_Brief_
Could you write out, exactly, every line from the top of the data through the line holding "doc.units = ezdxf.units.MM"? Omit the pictures.

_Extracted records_
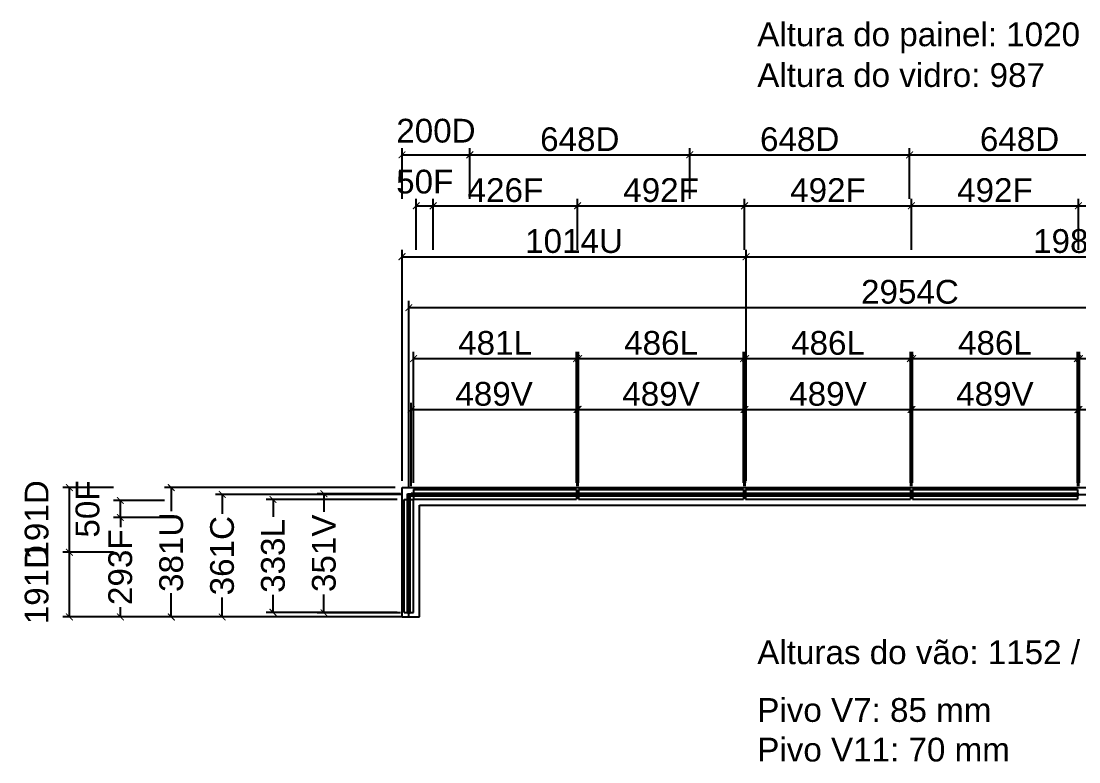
# Model space of a CAD drawing. Header units: millimetres. Extents: x -1142 to 4168, y -1914 to 1394.
# Drawn here: x -1142 to 1975, y -788 to 1394 of the extents above; entities that cross this region are included whole.
import ezdxf

# ---------------------------------------------------------------- set-up
doc = ezdxf.new("R2010")
doc.units = ezdxf.units.MM
for name, color, linetype in [('Leito Externo', 30, 'Continuous'), ('Leito Interno', 30, 'Continuous'), ('Linha de Centro', 1, 'Continuous'), ('Paredes', 7, 'Continuous'), ('Perfil U Externo', 5, 'Continuous'), ('Perfil U Interno', 5, 'Continuous'), ('Vidro Externo', 106, 'Continuous'), ('Vidro Interno', 106, 'Continuous')]:
    doc.layers.add(name, color=color, linetype=linetype)
doc.styles.get("Standard").update_dxf_attribs({"font": 'arial.ttf'})
doc.dimstyles.new('Drenos', dxfattribs={"dimtxt": 70, "dimasz": 20, "dimexe": 20, "dimexo": 20, "dimgap": 10, "dimtad": 2, "dimdec": 0, "dimdsep": 46, "dimtxsty": 'Standard', "dimblk": 'ARCHTICK', "dimcen": 0.09, "dimclrd": 3, "dimclre": 3, "dimclrt": 3, "dimadec": 0, "dimazin": 0, "dimtfac": 1, "dimtdec": 0, "dimtofl": 0, "dimtmove": 0, "dimatfit": 3, "dimldrblk": 'ARCHTICK', "dimfxl": 1, "dimarcsym": 0})
doc.dimstyles.new('Furos', dxfattribs={"dimtxt": 70, "dimasz": 20, "dimexe": 20, "dimexo": 20, "dimgap": 10, "dimtad": 2, "dimdec": 0, "dimdsep": 46, "dimtxsty": 'Standard', "dimblk": 'ARCHTICK', "dimcen": 0.09, "dimclrd": 3, "dimclre": 3, "dimclrt": 3, "dimadec": 0, "dimazin": 0, "dimtfac": 1, "dimtdec": 0, "dimtofl": 0, "dimtmove": 0, "dimatfit": 3, "dimldrblk": 'ARCHTICK', "dimfxl": 1, "dimarcsym": 0})
doc.dimstyles.new('Leito', dxfattribs={"dimtxt": 70, "dimasz": 20, "dimexe": 20, "dimexo": 20, "dimgap": 10, "dimtad": 1, "dimdec": 0, "dimdsep": 46, "dimtxsty": 'Standard', "dimblk": 'ARCHTICK', "dimcen": 20, "dimclrd": 30, "dimclre": 30, "dimclrt": 30, "dimadec": 0, "dimazin": 0, "dimtfac": 1, "dimtdec": 0, "dimtofl": 0, "dimtmove": 0, "dimatfit": 3, "dimldrblk": 'ARCHTICK', "dimfxl": 1, "dimarcsym": 0})
doc.dimstyles.new('Linha de centro', dxfattribs={"dimtxt": 70, "dimasz": 20, "dimexe": 20, "dimexo": 20, "dimgap": 10, "dimtad": 2, "dimdec": 0, "dimdsep": 46, "dimtxsty": 'Standard', "dimblk": 'ARCHTICK', "dimcen": 0.09, "dimclrd": 1, "dimclre": 1, "dimclrt": 1, "dimadec": 0, "dimazin": 0, "dimtfac": 1, "dimtdec": 0, "dimtofl": 0, "dimtmove": 0, "dimatfit": 3, "dimldrblk": 'ARCHTICK', "dimfxl": 1, "dimarcsym": 0})
doc.dimstyles.new('Perfis U', dxfattribs={"dimtxt": 70, "dimasz": 20, "dimexe": 20, "dimexo": 20, "dimgap": 10, "dimtad": 2, "dimdec": 0, "dimdsep": 46, "dimtxsty": 'Standard', "dimblk": 'ARCHTICK', "dimcen": 0.09, "dimclrd": 5, "dimclre": 5, "dimclrt": 5, "dimadec": 0, "dimazin": 0, "dimtfac": 1, "dimtdec": 0, "dimtofl": 0, "dimtmove": 0, "dimatfit": 3, "dimldrblk": 'ARCHTICK', "dimfxl": 1, "dimarcsym": 0})
doc.dimstyles.new('Vidro', dxfattribs={"dimtxt": 70, "dimasz": 20, "dimexe": 20, "dimexo": 20, "dimgap": 10, "dimtad": 2, "dimdec": 0, "dimdsep": 46, "dimtxsty": 'Standard', "dimblk": 'ARCHTICK', "dimcen": 0.09, "dimclrd": 119, "dimclre": 119, "dimclrt": 119, "dimadec": 0, "dimazin": 0, "dimtfac": 1, "dimtdec": 0, "dimtofl": 0, "dimtmove": 0, "dimatfit": 3, "dimldrblk": 'ARCHTICK', "dimfxl": 1, "dimarcsym": 0})

# ---------------------------------------------------------------- blocks, each defined once
blk = doc.blocks.new('_ArchTick')
at = {"color": 0, "linetype": 'ByBlock', "const_width": 0.15}
blk.add_lwpolyline([(-0.5, -0.5), (0.5, 0.5)], dxfattribs=at)
blk = doc.blocks.new('*D265')
at = {"color": 119, "lineweight": -2, "transparency": 16777216}
for p, q in [((-24, 2), (-270, 2)), ((-250, 2), (-250, -51.7)), ((-250, -349), (-250, -295.3)), ((-24, -349), (-270, -349))]:
    blk.add_line(p, q, dxfattribs=at)
at = {"layer": 'Defpoints', "color": 0, "transparency": 16777216}
for p in [(-250, 2), (-4, 2), (-4, -349)]:
    blk.add_point(p, dxfattribs=at)
at = {"color": 119, "lineweight": -2, "transparency": 16777216, "xscale": 20, "yscale": 20, "zscale": 20}
for p, rotation in [((-250, 2), 90), ((-250, -349), 270)]:
    blk.add_blockref('_ArchTick', p, dxfattribs=dict(at, rotation=rotation))
at = {"color": 119, "transparency": 16777216, "insert": (-250, -173.5), "char_height": 70, "attachment_point": 5, "rotation": 90}
blk.add_mtext('351V', dxfattribs=at)
blk = doc.blocks.new('*D266')
at = {"color": 119, "lineweight": -2, "transparency": 16777216}
for p, q in [((7, 24), (7, 270)), ((7, 250), (496, 250)), ((496, 24), (496, 270))]:
    blk.add_line(p, q, dxfattribs=at)
at = {"layer": 'Defpoints', "color": 0, "transparency": 16777216}
for p in [(496, 250), (7, 4), (496, 4)]:
    blk.add_point(p, dxfattribs=at)
at = {"color": 119, "lineweight": -2, "transparency": 16777216, "xscale": 20, "yscale": 20, "zscale": 20, "rotation": 180}
blk.add_blockref('_ArchTick', (7, 250), dxfattribs=at)
at = {"color": 119, "lineweight": -2, "transparency": 16777216, "xscale": 20, "yscale": 20, "zscale": 20}
blk.add_blockref('_ArchTick', (496, 250), dxfattribs=at)
at = {"color": 119, "transparency": 16777216, "insert": (251.5, 295.7), "char_height": 70, "attachment_point": 5}
blk.add_mtext('489V', dxfattribs=at)
blk = doc.blocks.new('*D267')
at = {"color": 119, "lineweight": -2, "transparency": 16777216}
for p, q in [((499, 24), (499, 270)), ((499, 250), (988, 250)), ((988, 24), (988, 270))]:
    blk.add_line(p, q, dxfattribs=at)
at = {"layer": 'Defpoints', "color": 0, "transparency": 16777216}
for p in [(988, 250), (499, 4), (988, 4)]:
    blk.add_point(p, dxfattribs=at)
at = {"color": 119, "lineweight": -2, "transparency": 16777216, "xscale": 20, "yscale": 20, "zscale": 20, "rotation": 180}
blk.add_blockref('_ArchTick', (499, 250), dxfattribs=at)
at = {"color": 119, "lineweight": -2, "transparency": 16777216, "xscale": 20, "yscale": 20, "zscale": 20}
blk.add_blockref('_ArchTick', (988, 250), dxfattribs=at)
at = {"color": 119, "transparency": 16777216, "insert": (743.5, 295.7), "char_height": 70, "attachment_point": 5}
blk.add_mtext('489V', dxfattribs=at)
blk = doc.blocks.new('*D268')
at = {"color": 119, "lineweight": -2, "transparency": 16777216}
for p, q in [((991, 24), (991, 270)), ((991, 250), (1480, 250)), ((1480, 24), (1480, 270))]:
    blk.add_line(p, q, dxfattribs=at)
at = {"layer": 'Defpoints', "color": 0, "transparency": 16777216}
for p in [(1480, 250), (991, 4), (1480, 4)]:
    blk.add_point(p, dxfattribs=at)
at = {"color": 119, "lineweight": -2, "transparency": 16777216, "xscale": 20, "yscale": 20, "zscale": 20, "rotation": 180}
blk.add_blockref('_ArchTick', (991, 250), dxfattribs=at)
at = {"color": 119, "lineweight": -2, "transparency": 16777216, "xscale": 20, "yscale": 20, "zscale": 20}
blk.add_blockref('_ArchTick', (1480, 250), dxfattribs=at)
at = {"color": 119, "transparency": 16777216, "insert": (1235.5, 295.7), "char_height": 70, "attachment_point": 5}
blk.add_mtext('489V', dxfattribs=at)
blk = doc.blocks.new('*D269')
at = {"color": 119, "lineweight": -2, "transparency": 16777216}
for p, q in [((1483, 24), (1483, 270)), ((1483, 250), (1972, 250)), ((1972, 24), (1972, 270))]:
    blk.add_line(p, q, dxfattribs=at)
at = {"layer": 'Defpoints', "color": 0, "transparency": 16777216}
for p in [(1972, 250), (1483, 4), (1972, 4)]:
    blk.add_point(p, dxfattribs=at)
at = {"color": 119, "lineweight": -2, "transparency": 16777216, "xscale": 20, "yscale": 20, "zscale": 20, "rotation": 180}
blk.add_blockref('_ArchTick', (1483, 250), dxfattribs=at)
at = {"color": 119, "lineweight": -2, "transparency": 16777216, "xscale": 20, "yscale": 20, "zscale": 20}
blk.add_blockref('_ArchTick', (1972, 250), dxfattribs=at)
at = {"color": 119, "transparency": 16777216, "insert": (1727.5, 295.7), "char_height": 70, "attachment_point": 5}
blk.add_mtext('489V', dxfattribs=at)
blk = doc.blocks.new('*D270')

_Problem solution_
# Model space of a CAD drawing. Header units: millimetres. Extents: x -1142 to 4168, y -1914 to 1394.
# Drawn here: x -1142 to 1975, y -788 to 1394 of the extents above; entities that cross this region are included whole.
import ezdxf

# ---------------------------------------------------------------- set-up
doc = ezdxf.new("R2010")
doc.units = ezdxf.units.MM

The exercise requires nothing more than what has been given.